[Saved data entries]
********************
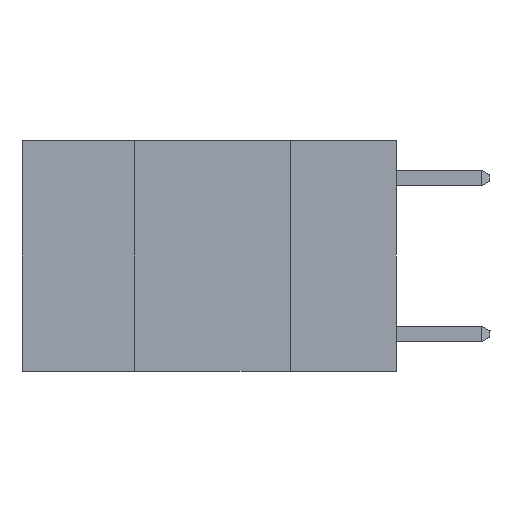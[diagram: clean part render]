
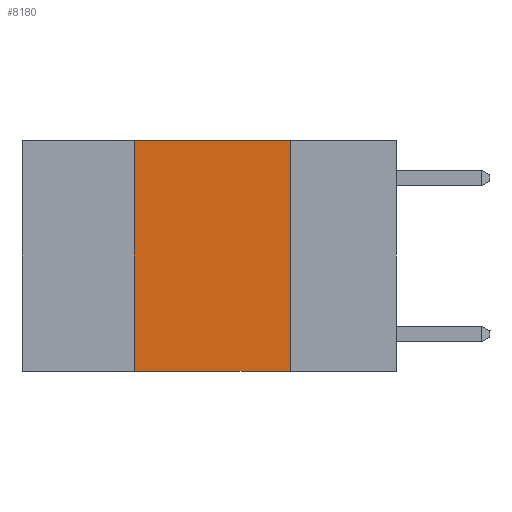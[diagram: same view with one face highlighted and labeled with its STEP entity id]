
A CAD part, left-side view. The second image highlights one B-rep face of the part: STEP entity #8180.
In plain terms, the highlighted planar face has unit normal (-1, 0, 0).
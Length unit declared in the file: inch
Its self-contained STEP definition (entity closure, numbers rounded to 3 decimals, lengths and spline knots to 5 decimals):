
#717 = CARTESIAN_POINT ( 'NONE',  ( 0., 0.42, 0. ) ) ;
#857 = LINE ( 'NONE', #12885, #6156 ) ;
#988 = CARTESIAN_POINT ( 'NONE',  ( 0., 0.6, -0.37 ) ) ;
#1146 = PLANE ( 'NONE',  #7755 ) ;
#1950 = LINE ( 'NONE', #988, #4448 ) ;
#2814 = CARTESIAN_POINT ( 'NONE',  ( 0., 0.17, 0. ) ) ;
#3198 = VERTEX_POINT ( 'NONE', #9468 ) ;
#3977 = EDGE_LOOP ( 'NONE', ( #6904, #7566, #7643, #7690 ) ) ;
#3981 = VERTEX_POINT ( 'NONE', #2814 ) ;
#4067 = CARTESIAN_POINT ( 'NONE',  ( 0., 0.6, 0. ) ) ;
#4317 = LINE ( 'NONE', #4067, #6766 ) ;
#4362 = DIRECTION ( 'NONE',  ( 0., 0., -1. ) ) ;
#4448 = VECTOR ( 'NONE', #9433, 39.37008 ) ;
#4833 = DIRECTION ( 'NONE',  ( 0., 0., -1. ) ) ;
#5678 = LINE ( 'NONE', #717, #8162 ) ;
#6156 = VECTOR ( 'NONE', #4833, 39.37008 ) ;
#6433 = VERTEX_POINT ( 'NONE', #10894 ) ;
#6766 = VECTOR ( 'NONE', #12214, 39.37008 ) ;
#6904 = ORIENTED_EDGE ( 'NONE', *, *, #11241, .F. ) ;
#7488 = CARTESIAN_POINT ( 'NONE',  ( 0., 0.6, 0. ) ) ;
#7541 = FACE_OUTER_BOUND ( 'NONE', #3977, .T. ) ;
#7566 = ORIENTED_EDGE ( 'NONE', *, *, #12040, .F. ) ;
#7643 = ORIENTED_EDGE ( 'NONE', *, *, #10610, .F. ) ;
#7690 = ORIENTED_EDGE ( 'NONE', *, *, #13126, .T. ) ;
#7755 = AXIS2_PLACEMENT_3D ( 'NONE', #7488, #10593, #4362 ) ;
#8162 = VECTOR ( 'NONE', #11092, 39.37008 ) ;
#8180 = ADVANCED_FACE ( 'NONE', ( #7541 ), #1146, .F. ) ;
#9433 = DIRECTION ( 'NONE',  ( 0., -1., 0. ) ) ;
#9468 = CARTESIAN_POINT ( 'NONE',  ( 0., 0.42, -0.37 ) ) ;
#9694 = CARTESIAN_POINT ( 'NONE',  ( 0., 0.17, -0.37 ) ) ;
#10593 = DIRECTION ( 'NONE',  ( 1., 0., 0. ) ) ;
#10610 = EDGE_CURVE ( 'NONE', #3198, #6433, #5678, .T. ) ;
#10894 = CARTESIAN_POINT ( 'NONE',  ( 0., 0.42, 0. ) ) ;
#11092 = DIRECTION ( 'NONE',  ( 0., 0., 1. ) ) ;
#11241 = EDGE_CURVE ( 'NONE', #3981, #12264, #857, .T. ) ;
#12040 = EDGE_CURVE ( 'NONE', #6433, #3981, #4317, .T. ) ;
#12214 = DIRECTION ( 'NONE',  ( 0., -1., 0. ) ) ;
#12264 = VERTEX_POINT ( 'NONE', #9694 ) ;
#12885 = CARTESIAN_POINT ( 'NONE',  ( 0., 0.17, 0. ) ) ;
#13126 = EDGE_CURVE ( 'NONE', #3198, #12264, #1950, .T. ) ;
********************
• _WHAT YOU NEED TO DO_:
One stretch of the lines above is wanted, from the line that contains "#4448 = VECTOR ( 'NONE', #9433, 39.37008 ) ;" through the line that contains "#7488 = CARTESIAN_POINT". Output it exactly.

• _YOUR SOLUTION_:
#4448 = VECTOR ( 'NONE', #9433, 39.37008 ) ;
#4833 = DIRECTION ( 'NONE',  ( 0., 0., -1. ) ) ;
#5678 = LINE ( 'NONE', #717, #8162 ) ;
#6156 = VECTOR ( 'NONE', #4833, 39.37008 ) ;
#6433 = VERTEX_POINT ( 'NONE', #10894 ) ;
#6766 = VECTOR ( 'NONE', #12214, 39.37008 ) ;
#6904 = ORIENTED_EDGE ( 'NONE', *, *, #11241, .F. ) ;
#7488 = CARTESIAN_POINT ( 'NONE',  ( 0., 0.6, 0. ) ) ;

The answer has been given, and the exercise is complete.